START GIVEN RECORDS
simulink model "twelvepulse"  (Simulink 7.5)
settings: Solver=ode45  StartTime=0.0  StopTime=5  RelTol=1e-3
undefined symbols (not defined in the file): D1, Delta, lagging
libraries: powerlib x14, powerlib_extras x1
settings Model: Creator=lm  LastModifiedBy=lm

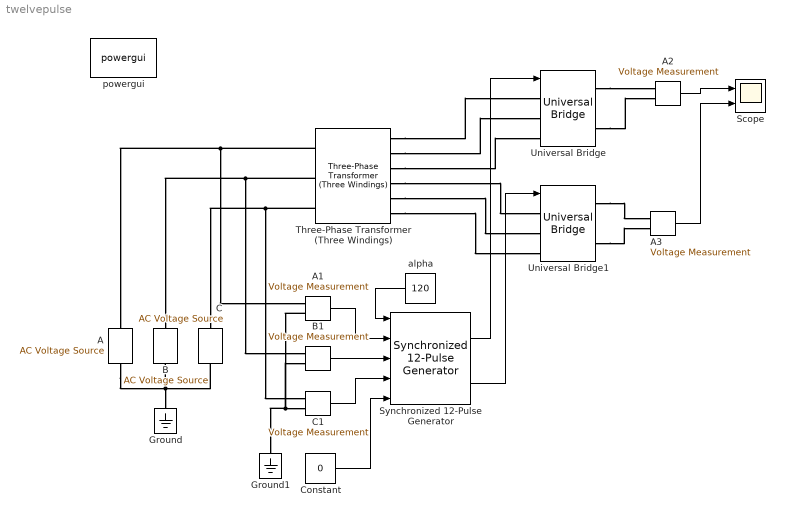
== system twelvepulse ==
  " Synchronized 12-Pulse Generator" : powerlib_extras/Control  Blocks/ Synchronized 12-Pulse Generator  DialogController=POWERSYS.PowerSysDialog  SystemSampleTime=-1  Delta=D1 (lagging)  freq=60  pwidth=20  Double_Pulse=off
  A : powerlib/Electrical Sources/AC Voltage Source  DialogController=POWERSYS.PowerSysDialog  SystemSampleTime=-1  Amplitude=100  Phase=0  Frequency=50  SampleTime=0  Measurements=None
  A1 : powerlib/Measurements/Voltage Measurement  DialogController=POWERSYS.PowerSysDialog  SystemSampleTime=-1  PhasorSimulation=off  OutputType=Complex  PSBequivalent=0
  A2 : powerlib/Measurements/Voltage Measurement  DialogController=POWERSYS.PowerSysDialog  SystemSampleTime=-1  PhasorSimulation=off  OutputType=Complex  PSBequivalent=0
  A3 : powerlib/Measurements/Voltage Measurement  DialogController=POWERSYS.PowerSysDialog  SystemSampleTime=-1  PhasorSimulation=off  OutputType=Complex  PSBequivalent=0
  B : powerlib/Electrical Sources/AC Voltage Source  DialogController=POWERSYS.PowerSysDialog  SystemSampleTime=-1  Amplitude=100  Phase=120  Frequency=50  SampleTime=0  Measurements=None
  B1 : powerlib/Measurements/Voltage Measurement  DialogController=POWERSYS.PowerSysDialog  SystemSampleTime=-1  PhasorSimulation=off  OutputType=Complex  PSBequivalent=0
  C : powerlib/Electrical Sources/AC Voltage Source  DialogController=POWERSYS.PowerSysDialog  SystemSampleTime=-1  Amplitude=100  Phase=240  Frequency=50  SampleTime=0  Measurements=None
  C1 : powerlib/Measurements/Voltage Measurement  DialogController=POWERSYS.PowerSysDialog  SystemSampleTime=-1  PhasorSimulation=off  OutputType=Complex  PSBequivalent=0
  Constant : Constant  Value=0  OutDataType=fixdt(1, 16)  OutScaling=2^0
  Ground : powerlib/Elements/Ground  DialogController=POWERSYS.PowerSysDialog  PhysicalDomain=powersysdomain  SubClassName=unknown  LeftPortType=p1  RightPortType=p1  LConnTagsString=a
  Ground1 : powerlib/Elements/Ground  DialogController=POWERSYS.PowerSysDialog  PhysicalDomain=powersysdomain  SubClassName=unknown  LeftPortType=p1  RightPortType=p1  LConnTagsString=a
  Scope : Scope  NumInputPorts=2
      settings: YMin=0~0  YMax=80~75
  Three-Phase Transformer (Three Windings) : powerlib/Elements/Three-Phase Transformer (Three Windings)  DialogController=POWERSYS.PowerSysDialog  SystemSampleTime=-1  Winding1Connection=Y  UNITS=SI  NominalPower=[ 250e6 , 60 ]  Winding1=[7.35e+005 4.3218 0.45856]  Winding2Connection=Y  Winding2=[3.15e+005 0.7938 0.084225]  Winding3Connection=Delta (D1)  Winding3=[3.15e+005 2.3814 0.25267]  SetSaturation=off  Rm=1.0805e+006  Lm=2866  Saturation=[0 0;0.66653 1910.3;277.72 2419.7]  Hysteresis=off  DataFile='hysteresis'  SetInitialFlux=off  InitialFluxes=[1273.5 -1273.5 1114.3]  Measurements=None  MoreParameters=off  BreakLoop=off  DataType=on  TransfoNumber=1
  Universal Bridge : powerlib/Power Electronics/Universal Bridge  DialogController=POWERSYS.PowerSysDialog  SystemSampleTime=-1  Arms=3  SnubberResistance=1e5  SnubberCapacitance=inf  Device=Thyristors  Ron=1e-3  Lon=0  ForwardVoltages="[  0  0  ]"  ForwardVoltage=0  GTOparameters=[ 10e-6 , 20e-6 ]  IGBTparameters=[ 1e-6 , 2e-6 ]  Measurements=None  Measurements_2=None  converterType=Rectifier
  Universal Bridge1 : powerlib/Power Electronics/Universal Bridge  DialogController=POWERSYS.PowerSysDialog  SystemSampleTime=-1  Arms=3  SnubberResistance=1e5  SnubberCapacitance=inf  Device=Thyristors  Ron=1e-3  Lon=0  ForwardVoltages="[  0  0  ]"  ForwardVoltage=0  GTOparameters=[ 10e-6 , 20e-6 ]  IGBTparameters=[ 1e-6 , 2e-6 ]  Measurements=None  Measurements_2=None  converterType=Rectifier
  alpha : Constant  Value=120  OutDataType=fixdt(1, 16)  OutScaling=2^0
  powergui : powerlib/powergui  Priority=1  SystemSampleTime=-1  SimulationMode=Discrete  SampleTime=50e-6  frequency=60  SPID=off  DisableSnubberDevices=off  DisableRonSwitches=off  DisableVfSwitches=off  SwTol=0  Interpol=off  frequencyindice=50  echomessages=off  HookPort=off  DisplayEquations=off  FunctionMessages=off  EnableUseOfTLC=off  x0status=blocks  RestoreLinks=warning  ResistiveCurrentMeasurement=off  Ylog=off  Xlog=on  ShowGrid=off  save=off  variable=ZData  ZoomFFT=off  StartTime=0.0  cycles=1  DisplayStyle=1  FreqAxis=off  MaxFrequency=1000  frequencyindicesteady=1  display=off  methode=off
  wires:
  A1/1 -> " Synchronized 12-Pulse Generator"/2
  B1/1 -> " Synchronized 12-Pulse Generator"/3
  C1/1 -> " Synchronized 12-Pulse Generator"/4
  " Synchronized 12-Pulse Generator"/1 -> Universal Bridge/1
  " Synchronized 12-Pulse Generator"/2 -> Universal Bridge1/1
  Constant/1 -> " Synchronized 12-Pulse Generator"/5
  alpha/1 -> " Synchronized 12-Pulse Generator"/1
  A2/1 -> Scope/1
  A3/1 -> Scope/2
  connections:
  A/LConn1 -- B/LConn1 -- C/LConn1 -- Ground/LConn1
  Three-Phase Transformer (Three Windings)/LConn3 -- C/RConn1 -- C1/LConn1
  Three-Phase Transformer (Three Windings)/LConn2 -- B/RConn1 -- B1/LConn1
  Three-Phase Transformer (Three Windings)/LConn1 -- A/RConn1 -- A1/LConn1
  Three-Phase Transformer (Three Windings)/RConn1 -- Universal Bridge/LConn1
  Three-Phase Transformer (Three Windings)/RConn2 -- Universal Bridge/LConn2
  Three-Phase Transformer (Three Windings)/RConn3 -- Universal Bridge/LConn3
  Three-Phase Transformer (Three Windings)/RConn4 -- Universal Bridge1/LConn1
  Three-Phase Transformer (Three Windings)/RConn5 -- Universal Bridge1/LConn2
  Three-Phase Transformer (Three Windings)/RConn6 -- Universal Bridge1/LConn3
  A1/LConn2 -- B1/LConn2 -- C1/LConn2 -- Ground1/LConn1
  Universal Bridge/RConn1 -- A2/LConn1
  Universal Bridge/RConn2 -- A2/LConn2
  Universal Bridge1/RConn2 -- A3/LConn2
  Universal Bridge1/RConn1 -- A3/LConn1
END GIVEN RECORDS
WORK REQUIRED |
Restate all entries exactly; pictures stay out.

TASK ANSWER |
simulink model "twelvepulse"  (Simulink 7.5)
settings: Solver=ode45  StartTime=0.0  StopTime=5  RelTol=1e-3
undefined symbols (not defined in the file): D1, Delta, lagging
libraries: powerlib x14, powerlib_extras x1
settings Model: Creator=lm  LastModifiedBy=lm

== system twelvepulse ==
  " Synchronized 12-Pulse Generator" : powerlib_extras/Control  Blocks/ Synchronized 12-Pulse Generator  DialogController=POWERSYS.PowerSysDialog  SystemSampleTime=-1  Delta=D1 (lagging)  freq=60  pwidth=20  Double_Pulse=off
  A : powerlib/Electrical Sources/AC Voltage Source  DialogController=POWERSYS.PowerSysDialog  SystemSampleTime=-1  Amplitude=100  Phase=0  Frequency=50  SampleTime=0  Measurements=None
  A1 : powerlib/Measurements/Voltage Measurement  DialogController=POWERSYS.PowerSysDialog  SystemSampleTime=-1  PhasorSimulation=off  OutputType=Complex  PSBequivalent=0
  A2 : powerlib/Measurements/Voltage Measurement  DialogController=POWERSYS.PowerSysDialog  SystemSampleTime=-1  PhasorSimulation=off  OutputType=Complex  PSBequivalent=0
  A3 : powerlib/Measurements/Voltage Measurement  DialogController=POWERSYS.PowerSysDialog  SystemSampleTime=-1  PhasorSimulation=off  OutputType=Complex  PSBequivalent=0
  B : powerlib/Electrical Sources/AC Voltage Source  DialogController=POWERSYS.PowerSysDialog  SystemSampleTime=-1  Amplitude=100  Phase=120  Frequency=50  SampleTime=0  Measurements=None
  B1 : powerlib/Measurements/Voltage Measurement  DialogController=POWERSYS.PowerSysDialog  SystemSampleTime=-1  PhasorSimulation=off  OutputType=Complex  PSBequivalent=0
  C : powerlib/Electrical Sources/AC Voltage Source  DialogController=POWERSYS.PowerSysDialog  SystemSampleTime=-1  Amplitude=100  Phase=240  Frequency=50  SampleTime=0  Measurements=None
  C1 : powerlib/Measurements/Voltage Measurement  DialogController=POWERSYS.PowerSysDialog  SystemSampleTime=-1  PhasorSimulation=off  OutputType=Complex  PSBequivalent=0
  Constant : Constant  Value=0  OutDataType=fixdt(1, 16)  OutScaling=2^0
  Ground : powerlib/Elements/Ground  DialogController=POWERSYS.PowerSysDialog  PhysicalDomain=powersysdomain  SubClassName=unknown  LeftPortType=p1  RightPortType=p1  LConnTagsString=a
  Ground1 : powerlib/Elements/Ground  DialogController=POWERSYS.PowerSysDialog  PhysicalDomain=powersysdomain  SubClassName=unknown  LeftPortType=p1  RightPortType=p1  LConnTagsString=a
  Scope : Scope  NumInputPorts=2
      settings: YMin=0~0  YMax=80~75
  Three-Phase Transformer (Three Windings) : powerlib/Elements/Three-Phase Transformer (Three Windings)  DialogController=POWERSYS.PowerSysDialog  SystemSampleTime=-1  Winding1Connection=Y  UNITS=SI  NominalPower=[ 250e6 , 60 ]  Winding1=[7.35e+005 4.3218 0.45856]  Winding2Connection=Y  Winding2=[3.15e+005 0.7938 0.084225]  Winding3Connection=Delta (D1)  Winding3=[3.15e+005 2.3814 0.25267]  SetSaturation=off  Rm=1.0805e+006  Lm=2866  Saturation=[0 0;0.66653 1910.3;277.72 2419.7]  Hysteresis=off  DataFile='hysteresis'  SetInitialFlux=off  InitialFluxes=[1273.5 -1273.5 1114.3]  Measurements=None  MoreParameters=off  BreakLoop=off  DataType=on  TransfoNumber=1
  Universal Bridge : powerlib/Power Electronics/Universal Bridge  DialogController=POWERSYS.PowerSysDialog  SystemSampleTime=-1  Arms=3  SnubberResistance=1e5  SnubberCapacitance=inf  Device=Thyristors  Ron=1e-3  Lon=0  ForwardVoltages="[  0  0  ]"  ForwardVoltage=0  GTOparameters=[ 10e-6 , 20e-6 ]  IGBTparameters=[ 1e-6 , 2e-6 ]  Measurements=None  Measurements_2=None  converterType=Rectifier
  Universal Bridge1 : powerlib/Power Electronics/Universal Bridge  DialogController=POWERSYS.PowerSysDialog  SystemSampleTime=-1  Arms=3  SnubberResistance=1e5  SnubberCapacitance=inf  Device=Thyristors  Ron=1e-3  Lon=0  ForwardVoltages="[  0  0  ]"  ForwardVoltage=0  GTOparameters=[ 10e-6 , 20e-6 ]  IGBTparameters=[ 1e-6 , 2e-6 ]  Measurements=None  Measurements_2=None  converterType=Rectifier
  alpha : Constant  Value=120  OutDataType=fixdt(1, 16)  OutScaling=2^0
  powergui : powerlib/powergui  Priority=1  SystemSampleTime=-1  SimulationMode=Discrete  SampleTime=50e-6  frequency=60  SPID=off  DisableSnubberDevices=off  DisableRonSwitches=off  DisableVfSwitches=off  SwTol=0  Interpol=off  frequencyindice=50  echomessages=off  HookPort=off  DisplayEquations=off  FunctionMessages=off  EnableUseOfTLC=off  x0status=blocks  RestoreLinks=warning  ResistiveCurrentMeasurement=off  Ylog=off  Xlog=on  ShowGrid=off  save=off  variable=ZData  ZoomFFT=off  StartTime=0.0  cycles=1  DisplayStyle=1  FreqAxis=off  MaxFrequency=1000  frequencyindicesteady=1  display=off  methode=off
  wires:
  A1/1 -> " Synchronized 12-Pulse Generator"/2
  B1/1 -> " Synchronized 12-Pulse Generator"/3
  C1/1 -> " Synchronized 12-Pulse Generator"/4
  " Synchronized 12-Pulse Generator"/1 -> Universal Bridge/1
  " Synchronized 12-Pulse Generator"/2 -> Universal Bridge1/1
  Constant/1 -> " Synchronized 12-Pulse Generator"/5
  alpha/1 -> " Synchronized 12-Pulse Generator"/1
  A2/1 -> Scope/1
  A3/1 -> Scope/2
  connections:
  A/LConn1 -- B/LConn1 -- C/LConn1 -- Ground/LConn1
  Three-Phase Transformer (Three Windings)/LConn3 -- C/RConn1 -- C1/LConn1
  Three-Phase Transformer (Three Windings)/LConn2 -- B/RConn1 -- B1/LConn1
  Three-Phase Transformer (Three Windings)/LConn1 -- A/RConn1 -- A1/LConn1
  Three-Phase Transformer (Three Windings)/RConn1 -- Universal Bridge/LConn1
  Three-Phase Transformer (Three Windings)/RConn2 -- Universal Bridge/LConn2
  Three-Phase Transformer (Three Windings)/RConn3 -- Universal Bridge/LConn3
  Three-Phase Transformer (Three Windings)/RConn4 -- Universal Bridge1/LConn1
  Three-Phase Transformer (Three Windings)/RConn5 -- Universal Bridge1/LConn2
  Three-Phase Transformer (Three Windings)/RConn6 -- Universal Bridge1/LConn3
  A1/LConn2 -- B1/LConn2 -- C1/LConn2 -- Ground1/LConn1
  Universal Bridge/RConn1 -- A2/LConn1
  Universal Bridge/RConn2 -- A2/LConn2
  Universal Bridge1/RConn2 -- A3/LConn2
  Universal Bridge1/RConn1 -- A3/LConn1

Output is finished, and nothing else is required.